START INFORMATION PROVIDED

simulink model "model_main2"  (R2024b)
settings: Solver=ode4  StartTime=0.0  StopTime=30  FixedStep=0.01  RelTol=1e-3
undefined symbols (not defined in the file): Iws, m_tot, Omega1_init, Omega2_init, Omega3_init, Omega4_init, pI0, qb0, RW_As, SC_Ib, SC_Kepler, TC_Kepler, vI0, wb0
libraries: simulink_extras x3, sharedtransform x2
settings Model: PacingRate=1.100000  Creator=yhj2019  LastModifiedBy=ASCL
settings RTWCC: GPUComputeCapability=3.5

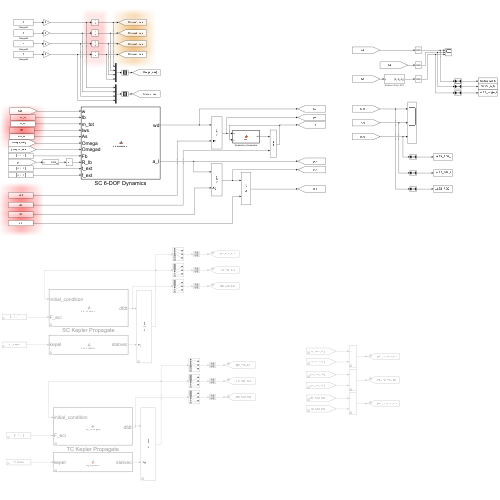
[thumbnail: Simulink's stored preview of the top-level diagram]
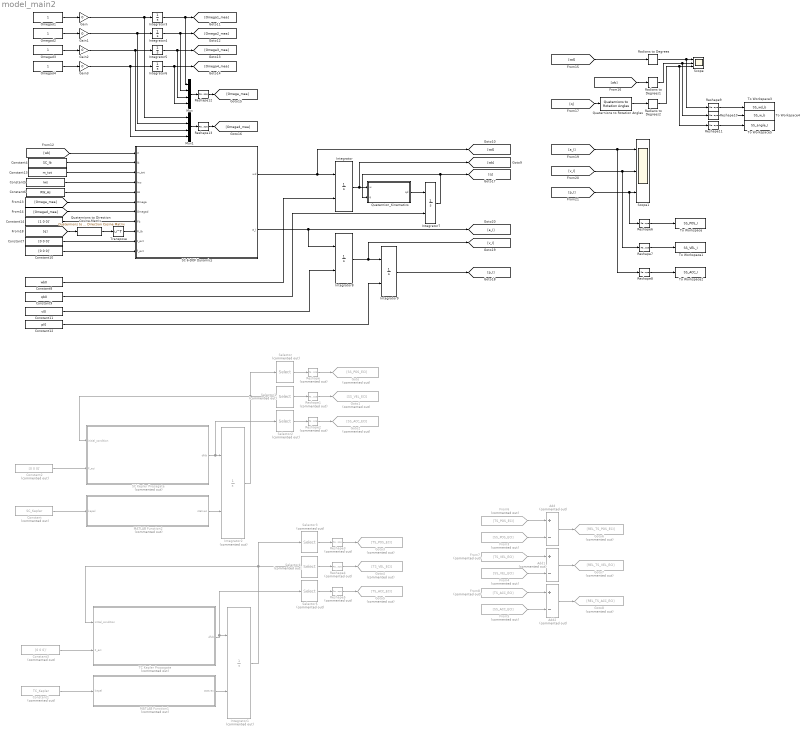
== system model_main2 ==
  Add : Sum  Commented=on  Inputs=+-
  Add1 : Sum  Commented=on  Inputs=+-
  Add2 : Sum  Commented=on  Inputs=+-
  Constant : Constant  Commented=on  Value=SC_Kepler
  Constant1 : Constant  Commented=on  Value=TC_Kepler
  Constant10 : Constant  Value=[0 0 0]'
  Constant11 : Constant  Value=vI0
  Constant12 : Constant  Value=pI0
  Constant13 : Constant  Value=m_tot
  Constant14 : Constant  Value=[1 0 0]'
  Constant2 : Constant  Commented=on  Value=[0 0 0]'
  Constant3 : Constant  Commented=on  Value=[0 0 0]'
  Constant4 : Constant  Value=SC_Ib
  Constant5 : Constant  Value=Iws
  Constant6 : Constant  Value=RW_As
  Constant7 : Constant  Value=[0 0 0]'
  Constant8 : Constant  Value=wb0
  Constant9 : Constant  Value=qb0
  From3 : From  Commented=on  GotoTag=SS_POS_ECI
  From4 : From  Commented=on  GotoTag=SS_VEL_ECI
  From5 : From  Commented=on  GotoTag=SS_ACC_ECI
  From6 : From  Commented=on  GotoTag=TS_POS_ECI
  From7 : From  Commented=on  GotoTag=TS_VEL_ECI
  From8 : From  Commented=on  GotoTag=TS_ACC_ECI
  Gain{,1..3} (4 alike) : Gain  Gain=0
  Goto : Goto  Commented=on  GotoTag=SS_POS_ECI
  Goto1 : Goto  Commented=on  GotoTag=SS_VEL_ECI
  Goto2 : Goto  Commented=on  GotoTag=SS_ACC_ECI
  Goto3 : Goto  Commented=on  GotoTag=TS_POS_ECI
  Goto4 : Goto  Commented=on  GotoTag=TS_VEL_ECI
  Goto5 : Goto  Commented=on  GotoTag=TS_ACC_ECI
  Goto6 : Goto  Commented=on  GotoTag=REL_TS_POS_ECI
  Goto7 : Goto  Commented=on  GotoTag=REL_TS_VEL_ECI
  Goto8 : Goto  Commented=on  GotoTag=REL_TS_ACC_ECI
  Integrator : Integrator  InitialConditionSource=external  InitialCondition=wb0
  Integrator1 : Integrator  Commented=on  InitialConditionSource=external  InitialCondition=[-7000 0 0 0 -9.175045 0 5233.5]'
  Integrator2 : Integrator  Commented=on  InitialConditionSource=external  InitialCondition=[-7000 0 0 0 -9.175045 0 5233.5]'
  Integrator3 : Integrator  InitialCondition=Omega1_init
  Integrator4 : Integrator  InitialCondition=Omega2_init
  Integrator5 : Integrator  InitialCondition=Omega3_init
  Integrator6 : Integrator  InitialCondition=Omega4_init
  Integrator7 : Integrator  InitialConditionSource=external
  Integrator8 : Integrator  InitialConditionSource=external  InitialCondition=wb0
  Integrator9 : Integrator  InitialConditionSource=external  InitialCondition=wb0
  MATLAB Function1 : MATLAB Function  Commented=on  TreatAsAtomicUnit=on
  MATLAB Function2 : MATLAB Function  Commented=on  TreatAsAtomicUnit=on
  Mux : Mux
  Mux1 : Mux
  Omegad{1..4} (4 alike) : Constant
  Quaternion_Kinematics : MATLAB Function  TreatAsAtomicUnit=on
  Quaternions to Direction Cosine Matrix : sharedtransform/Quaternions to  Direction Cosine Matrix  aMode=aMode
      settings: LibrarySourceBlock=|
      | aerolibtransform2/Quaternions to
      | Direction Cosine Matrix
  Quaternions to Rotation Angles : sharedtransform/Quaternions to Rotation Angles  rotationOrder=ZYX  aMode=aMode
  Radians to Degrees : simulink_extras/Transformations/Radians to Degrees
  Radians to Degrees1 : simulink_extras/Transformations/Radians to Degrees
  Radians to Degrees2 : simulink_extras/Transformations/Radians to Degrees
  Reshape{,1..5} (6 alike) : Reshape  Commented=on  OutputDimensionality=Column vector (2-D)
  Reshape{6..11} (6 alike) : Reshape  OutputDimensionality=Row vector (2-D)
  Reshape12 : Reshape  OutputDimensionality=Column vector (2-D)
  Reshape13 : Reshape  OutputDimensionality=Column vector (2-D)
  SC 6-DOF Dynamics : MATLAB Function  TreatAsAtomicUnit=on
  SC Kepler Propagate : MATLAB Function  Commented=on  TreatAsAtomicUnit=on
  Scope : Scope  NumInputPorts=3
  Scope1 : Scope  NumInputPorts=3
  Selector : Selector  Commented=on  InputPortWidth=6  IndexOptions=Index vector (dialog)  Indices=[1 2 3]  OutputSizes=1
  Selector{1..2,4..5} (4 alike) : Selector  Commented=on  InputPortWidth=6  IndexOptions=Index vector (dialog)  Indices=[4 5 6]  OutputSizes=1
  Selector3 : Selector  Commented=on  InputPortWidth=6  IndexOptions=Index vector (dialog)  Indices=[1 2 3]  OutputSizes=1
  TC Kepler Propagate : MATLAB Function  Commented=on  TreatAsAtomicUnit=on
  To Workspace : ToWorkspace  VariableName=SS_POS_I  SampleTime=-1
      settings: Save2DSignal=2-D array (concatenate along first dimension)
  To Workspace1 : ToWorkspace  VariableName=SS_VEL_I  SampleTime=-1
      settings: Save2DSignal=2-D array (concatenate along first dimension)
  To Workspace2 : ToWorkspace  VariableName=SS_ACC_I  SampleTime=-1
      settings: Save2DSignal=2-D array (concatenate along first dimension)
  To Workspace3 : ToWorkspace  VariableName=SS_wd_b  SampleTime=-1
      settings: Save2DSignal=2-D array (concatenate along first dimension)
  To Workspace4 : ToWorkspace  VariableName=SS_w_b  SampleTime=-1
      settings: Save2DSignal=2-D array (concatenate along first dimension)
  To Workspace5 : ToWorkspace  VariableName=SS_angle_I  SampleTime=-1
      settings: Save2DSignal=2-D array (concatenate along first dimension)
  Transpose : Math  Operator=transpose
  wires:
  Constant/1 -> MATLAB Function2/1(kepel)
  Constant1/1 -> MATLAB Function1/1(kepel)
  SC Kepler Propagate/1(dfdt) -> Selector2/1, Integrator2/1
  MATLAB Function2/1(statvec) -> Integrator2/2
  Integrator2/1 -> Selector/1, SC Kepler Propagate/1(initial_condition), Selector1/1
  TC Kepler Propagate/1(dfdt) -> Selector5/1, Integrator1/1
  MATLAB Function1/1(statvec) -> Integrator1/2
  Integrator1/1 -> TC Kepler Propagate/1(initial_condition), Selector4/1, Selector3/1
  Constant2/1 -> SC Kepler Propagate/2(F_eci)
  Constant3/1 -> TC Kepler Propagate/2(F_eci)
  Selector/1 -> Reshape/1
  Selector2/1 -> Reshape2/1
  Selector1/1 -> Reshape1/1
  Reshape/1 -> Goto/1
  Reshape1/1 -> Goto1/1
  Reshape2/1 -> Goto2/1
  Selector5/1 -> Reshape5/1
  Selector4/1 -> Reshape4/1
  Selector3/1 -> Reshape3/1
  Reshape4/1 -> Goto4/1
  Reshape5/1 -> Goto5/1
  Reshape3/1 -> Goto3/1
  Reshape6/1 -> To Workspace/1
  Reshape7/1 -> To Workspace1/1
  Reshape8/1 -> To Workspace2/1
  From6/1 -> Add/1
  From3/1 -> Add/2
  From4/1 -> Add1/2
  From7/1 -> Add1/1
  From5/1 -> Add2/2
  From8/1 -> Add2/1
  Add/1 -> Goto6/1
  Add1/1 -> Goto7/1
  Add2/1 -> Goto8/1
  Constant4/1 -> SC 6-DOF Dynamics/2(Ib)
  Constant5/1 -> SC 6-DOF Dynamics/4(Iws)
  SC 6-DOF Dynamics/1(wd) -> [wd], Integrator/1
  Integrator/1 -> [wb], Quaternion_Kinematics/1(w)
  [wb] -> SC 6-DOF Dynamics/1(w)
  Constant6/1 -> SC 6-DOF Dynamics/5(As)
  Constant7/1 -> SC 6-DOF Dynamics/10(t_ext)
  Omegad1/1 -> Gain/1
  Omegad2/1 -> Gain1/1
  Omegad4/1 -> Gain3/1
  Omegad3/1 -> Gain2/1
  Integrator3/1 -> Mux/1, [Omega1_mea]
  Integrator4/1 -> Mux/2, [Omega2_mea]
  Integrator6/1 -> Mux/4, [Omega4_mea]
  Integrator5/1 -> Mux/3, [Omega3_mea]
  Reshape12/1 -> [Omega_mea]
  Mux/1 -> Reshape12/1
  [Omega_mea] -> SC 6-DOF Dynamics/6(Omega)
  Mux1/1 -> Reshape13/1
  Reshape13/1 -> [Omegad_mea]
  [Omegad_mea] -> SC 6-DOF Dynamics/7(Omegad)
  Quaternion_Kinematics/1(qd) -> Integrator7/1
  Integrator7/1 -> Quaternion_Kinematics/2(q), [q]
  Constant8/1 -> Integrator/2
  Constant9/1 -> Integrator7/2
  Quaternions to Rotation Angles/1 -> Radians to Degrees2/1
  [wd] -> Radians to Degrees/1
  [wb] -> Radians to Degrees1/1
  Radians to Degrees/1 -> Reshape9/1, Scope/1
  Radians to Degrees1/1 -> Reshape10/1, Scope/2
  Radians to Degrees2/1 -> Reshape11/1, Scope/3
  [q] -> Quaternions to Rotation Angles/1
  Constant10/1 -> SC 6-DOF Dynamics/11(f_ext)
  SC 6-DOF Dynamics/2(a_I) -> Integrator8/1, [a_I]
  Constant11/1 -> Integrator8/2
  Constant12/1 -> Integrator9/2
  Integrator8/1 -> [v_I], Integrator9/1
  Constant13/1 -> SC 6-DOF Dynamics/3(m_tot)
  Constant14/1 -> SC 6-DOF Dynamics/8(Fb)
  [q] -> Quaternions to Direction Cosine Matrix/1
  Quaternions to Direction Cosine Matrix/1 -> Transpose/1
  Integrator9/1 -> [p_I]
  [p_I] -> Reshape6/1, Scope1/3
  [v_I] -> Reshape7/1, Scope1/2
  Gain/1 -> Mux1/1, Integrator3/1
  Gain1/1 -> Mux1/2, Integrator4/1
  Gain2/1 -> Mux1/3, Integrator5/1
  Gain3/1 -> Mux1/4, Integrator6/1
  [a_I] -> Reshape8/1, Scope1/1
  Transpose/1 -> SC 6-DOF Dynamics/9(R_Ib)
  Reshape9/1 -> To Workspace3/1
  Reshape10/1 -> To Workspace4/1
  Reshape11/1 -> To Workspace5/1

== matlab function model_main2/MATLAB Function1 ==
  data: kepel input; statvec output
function statvec  = kepel_statvec (kepel)
%  [statvec] = kepel_statvec (kepel)
%	The function kepel_statvec transforms the keplerian
%	elements kepel into the corresponding state vector in
%	the same reference system.
%
% Input:
%	kepel
% 		vector containing the keplerian elements:
%		(1) - semimajor axis of the orbit in meters.
%		(2) - eccentricity.
%		(3) - inclinatsion in radians.
%		(4) - right ascension of ascending node in radians.
%		(5) - argument of perigee in radians.
%		(6) - mean anomaly in radians.
% Output:
%	statvec
%  		state vector in meters and meters/second.
%
% Authors:
%	Helio K. Kuga;
%	Valder M. Medeiros;
%	Valdemir Carrara		february/80		version 1.0
%	Valdemir Carrara		july 2005		(C version)
%   Valdemir Carrara            March/09        Matlab

EARTH_GRAVITY	= 3.9860064e+14;		% Earth's gravitational constant (m**3/s**2)

a    = kepel(1);	% semi-major axis
exc  = kepel(2);	% eccentricity

c1   = sqrt(1. - exc*exc);

%     rotation matrix

orb2iner = rotmaz(-kepel(4))*rotmax(-kepel(3))*rotmaz(-kepel(5));

%     Kepler's equation

E    = kepler(kepel(6), exc);

sE   = sin(E);
cE   = cos(E);
c3   = sqrt(EARTH_GRAVITY/a)/(1. - exc*cE);

%     state vector

statvec = [[a*(cE - exc), a*c1*sE, 0]*orb2iner', [-c3*sE, c1*c3*cE, 0]*orb2iner'];

end

function [rot_mat] = rotmax (angle)
% [rot_mat] = rotmax (angle)
%   To obtain the rotation matrix around the X axis given the
%   rotation angle.
% inputs:
%   angle
%       rotation angle, in radians.
% outputs:
%   rot_mat
%       rotation matrix (3, 3)
%

% Valdemir Carrara, Sep, 1998

coan    =  cos(angle);
sian    =  sin(angle);

rot_mat =  [1, 0, 0; 0, coan, sian; 0, -sian, coan];

end

function [rot_mat] = rotmay (angle)
% [rot_mat] = rotmay (angle)
%   To obtain the rotation matrix around the Y axis given the
%   rotation angle.
% inputs:
%   angle
%       rotation angle, in radians.
% outputs:
%   rot_mat
%       rotation matrix (3, 3)
%

% Valdemir Carrara, Sep, 1998


coan    =  cos(angle);
sian    =  sin(angle);

rot_mat =  [coan, 0, -sian; 0, 1, 0; sian, 0, coan];

end

function [rot_mat] = rotmaz (angle)
% [rot_mat] = rotmaz (angle)
%   To obtain the rotation matrix around the Z axis given the
%   rotation angle.
% inputs:
%   angle
%       rotation angle, in radians.
% outputs:
%   rot_mat
%       rotation matrix (3, 3)
%

% Valdemir Carrara, Sep, 1998

coan    =  cos(angle);
sian    =  sin(angle);

rot_mat =  [coan, sian, 0; -sian, coan, 0; 0, 0, 1];
end

function [eccentric] = kepler (mean_anomaly, eccentricity)
% [eccentric] = kepler (mean_anomaly, eccentricity)
%	The subroutine kepler finds a solution to the
%	kepler's equation.
%
% Input:
%	mean_anomaly
%		mean anomaly in radians.
%	eccentricity
%		eccentricity.
%
% Output:
%	eccentric
%		eccentric anomaly in radians.
%
% Authors:
%	Valder M. de Medeiros		june/81		version 2.0
%	Valdemir Carrara			july 2005	(C version)
%   Valdemir Carrara            March/09        Matlab

exc2    = eccentricity*eccentricity;
am1     = mod (mean_anomaly, 2*pi);
am2     = am1 + am1;
am3     = am1 + am2;
shoot   = am1 + eccentricity*(1. - 0.125*exc2)*sin(am1) + ...
		0.5*exc2*(sin(am2) + 0.75*eccentricity*sin(am3));
shoot   = mod (shoot, 2*pi);

e1      = 1.0;
ic      = 0;

while ((abs(e1) > 1.e-12) && (ic <= 10)) 
	e1    = (shoot - am1 - eccentricity*sin(shoot)) / ...
			(1.0 - eccentricity*cos(shoot));
    shoot = shoot - e1;
    ic    = ic + 1;
end

if (ic >= 10)
    disp ('warning ** subroutine kepler did not converge in 10 iterations');
end

eccentric = shoot;


end

== matlab function model_main2/TC Kepler Propagate ==
  data: initial_condition input; dfdt output; F_eci input
function dfdt  = eq_propagate(initial_condition, F_eci)
% Lectures_TwoBodyProblem.pdf
% 우주시스템입문 - 도미타 노부유키 eq(7.8) p136
% https://en.wikipedia.org/wiki/Standard_gravitational_parameter
u  = 3.9860064e+14; % earth gravitional parameter
Re = 6378137;      % earth radius [m]

dfdt = zeros(size(initial_condition));

% x=x
% x1=dx/dt
% dx1/dt = d^2(x)/dt

x1 = initial_condition(4); % x1 = dx/dt
y1 = initial_condition(5); % y1 = dy/dt
z1 = initial_condition(6); % z1 = dz/dt
x  = initial_condition(1); % x
y  = initial_condition(2); % y
z  = initial_condition(3); % z

r=sqrt(x^2+y^2+z^2);

% % %   Keplar Motion Equatnion
% % %  => r_dd + u/(r^3)r_ = 0 => r_dd = -u/(r^3)r_
dfdt(1) = x1;
dfdt(2) = y1;
dfdt(3) = z1;
dfdt(4) = -u*x/(r^3) + F_eci(1);
dfdt(5) = -u*y/(r^3) + F_eci(2);
dfdt(6) = -u*z/(r^3) + F_eci(3);

end

== matlab function model_main2/SC 6-DOF Dynamics ==
  data: w input; Ib input; m_tot input; wd output; Iws input; As input; Omega input; Omegad input; Fb input; R_Ib input; t_ext input; f_ext input; a_I output
function [wd, a_I]  = eq_propagate(w, Ib, m_tot, ...
                                                  Iws, As, Omega, Omegad, ...
                                                  Fb, R_Ib, ...
                                                  t_ext, f_ext)
% % 
% 출력 1: 위성 동체 좌표계 각가속도
% 출력 2: 관성좌표계 선가속도


RW_h = As*Iws*Omega;
RW_hd = As*Iws*Omegad;

%% Rotational Motion
wd = inv(Ib)*(t_ext - RW_hd - cross(w, Ib*w + RW_h));

%% Translational Motion

a_I = (R_Ib*Fb + f_ext)/m_tot;

end

== matlab function model_main2/SC Kepler Propagate ==
  data: initial_condition input; dfdt output; F_eci input
function dfdt  = eq_propagate(initial_condition, F_eci)
% Lectures_TwoBodyProblem.pdf
% 우주시스템입문 - 도미타 노부유키 eq(7.8) p136
% https://en.wikipedia.org/wiki/Standard_gravitational_parameter
u  = 3.9860064e+14; % earth gravitional parameter
Re = 6378137;      % earth radius [m]

dfdt = zeros(size(initial_condition));

% x=x
% x1=dx/dt
% dx1/dt = d^2(x)/dt

x1 = initial_condition(4); % x1 = dx/dt
y1 = initial_condition(5); % y1 = dy/dt
z1 = initial_condition(6); % z1 = dz/dt
x  = initial_condition(1); % x
y  = initial_condition(2); % y
z  = initial_condition(3); % z

r=sqrt(x^2+y^2+z^2);

% % %   Keplar Motion Equatnion
% % %  => r_dd + u/(r^3)r_ = 0 => r_dd = -u/(r^3)r_
dfdt(1) = x1;
dfdt(2) = y1;
dfdt(3) = z1;
dfdt(4) = -u*x/(r^3) + F_eci(1);
dfdt(5) = -u*y/(r^3) + F_eci(2);
dfdt(6) = -u*z/(r^3) + F_eci(3);

end

== matlab function model_main2/MATLAB Function2 ==
  data: kepel input; statvec output
function statvec  = kepel_statvec (kepel)
%  [statvec] = kepel_statvec (kepel)
%	The function kepel_statvec transforms the keplerian
%	elements kepel into the corresponding state vector in
%	the same reference system.
%
% Input:
%	kepel
% 		vector containing the keplerian elements:
%		(1) - semimajor axis of the orbit in meters.
%		(2) - eccentricity.
%		(3) - inclinatsion in radians.
%		(4) - right ascension of ascending node in radians.
%		(5) - argument of perigee in radians.
%		(6) - mean anomaly in radians.
% Output:
%	statvec
%  		state vector in meters and meters/second.
%
% Authors:
%	Helio K. Kuga;
%	Valder M. Medeiros;
%	Valdemir Carrara		february/80		version 1.0
%	Valdemir Carrara		july 2005		(C version)
%   Valdemir Carrara            March/09        Matlab

EARTH_GRAVITY	= 3.9860064e+14;		% Earth's gravitational constant (m**3/s**2)

a    = kepel(1);	% semi-major axis
exc  = kepel(2);	% eccentricity

c1   = sqrt(1. - exc*exc);

%     rotation matrix

orb2iner = rotmaz(-kepel(4))*rotmax(-kepel(3))*rotmaz(-kepel(5));

%     Kepler's equation

E    = kepler(kepel(6), exc);

sE   = sin(E);
cE   = cos(E);
c3   = sqrt(EARTH_GRAVITY/a)/(1. - exc*cE);

%     state vector

statvec = [[a*(cE - exc), a*c1*sE, 0]*orb2iner', [-c3*sE, c1*c3*cE, 0]*orb2iner'];

end

function [rot_mat] = rotmax (angle)
% [rot_mat] = rotmax (angle)
%   To obtain the rotation matrix around the X axis given the
%   rotation angle.
% inputs:
%   angle
%       rotation angle, in radians.
% outputs:
%   rot_mat
%       rotation matrix (3, 3)
%

% Valdemir Carrara, Sep, 1998

coan    =  cos(angle);
sian    =  sin(angle);

rot_mat =  [1, 0, 0; 0, coan, sian; 0, -sian, coan];

end

function [rot_mat] = rotmay (angle)
% [rot_mat] = rotmay (angle)
%   To obtain the rotation matrix around the Y axis given the
%   rotation angle.
% inputs:
%   angle
%       rotation angle, in radians.
% outputs:
%   rot_mat
%       rotation matrix (3, 3)
%

% Valdemir Carrara, Sep, 1998


coan    =  cos(angle);
sian    =  sin(angle);

rot_mat =  [coan, 0, -sian; 0, 1, 0; sian, 0, coan];

end

function [rot_mat] = rotmaz (angle)
% [rot_mat] = rotmaz (angle)
%   To obtain the rotation matrix around the Z axis given the
%   rotation angle.
% inputs:
%   angle
%       rotation angle, in radians.
% outputs:
%   rot_mat
%       rotation matrix (3, 3)
%

% Valdemir Carrara, Sep, 1998

coan    =  cos(angle);
sian    =  sin(angle);

rot_mat =  [coan, sian, 0; -sian, coan, 0; 0, 0, 1];
end

function [eccentric] = kepler (mean_anomaly, eccentricity)
% [eccentric] = kepler (mean_anomaly, eccentricity)
%	The subroutine kepler finds a solution to the
%	kepler's equation.
%
% Input:
%	mean_anomaly
%		mean anomaly in radians.
%	eccentricity
%		eccentricity.
%
% Output:
%	eccentric
%		eccentric anomaly in radians.
%
% Authors:
%	Valder M. de Medeiros		june/81		version 2.0
%	Valdemir Carrara			july 2005	(C version)
%   Valdemir Carrara            March/09        Matlab

exc2    = eccentricity*eccentricity;
am1     = mod (mean_anomaly, 2*pi);
am2     = am1 + am1;
am3     = am1 + am2;
shoot   = am1 + eccentricity*(1. - 0.125*exc2)*sin(am1) + ...
		0.5*exc2*(sin(am2) + 0.75*eccentricity*sin(am3));
shoot   = mod (shoot, 2*pi);

e1      = 1.0;
ic      = 0;

while ((abs(e1) > 1.e-12) && (ic <= 10)) 
	e1    = (shoot - am1 - eccentricity*sin(shoot)) / ...
			(1.0 - eccentricity*cos(shoot));
    shoot = shoot - e1;
    ic    = ic + 1;
end

if (ic >= 10)
    disp ('warning ** subroutine kepler did not converge in 10 iterations');
end

eccentric = shoot;


end

== matlab function model_main2/Quaternion_Kinematics ==
  data: w input; qd output; q input
function qd = fcn(w,q)

F_q = (1/2)*[0 -w(1) -w(2) -w(3);
       w(1) 0 w(3) -w(2);
       w(2) -w(3) 0 w(1);
       w(3) w(2) -w(1) 0];

qd = F_q*q;

end

END INFORMATION PROVIDED

The word "Indices" appears in some of the lines above. Copy those lines.

  Selector : Selector  Commented=on  InputPortWidth=6  IndexOptions=Index vector (dialog)  Indices=[1 2 3]  OutputSizes=1
  Selector{1..2,4..5} (4 alike) : Selector  Commented=on  InputPortWidth=6  IndexOptions=Index vector (dialog)  Indices=[4 5 6]  OutputSizes=1
  Selector3 : Selector  Commented=on  InputPortWidth=6  IndexOptions=Index vector (dialog)  Indices=[1 2 3]  OutputSizes=1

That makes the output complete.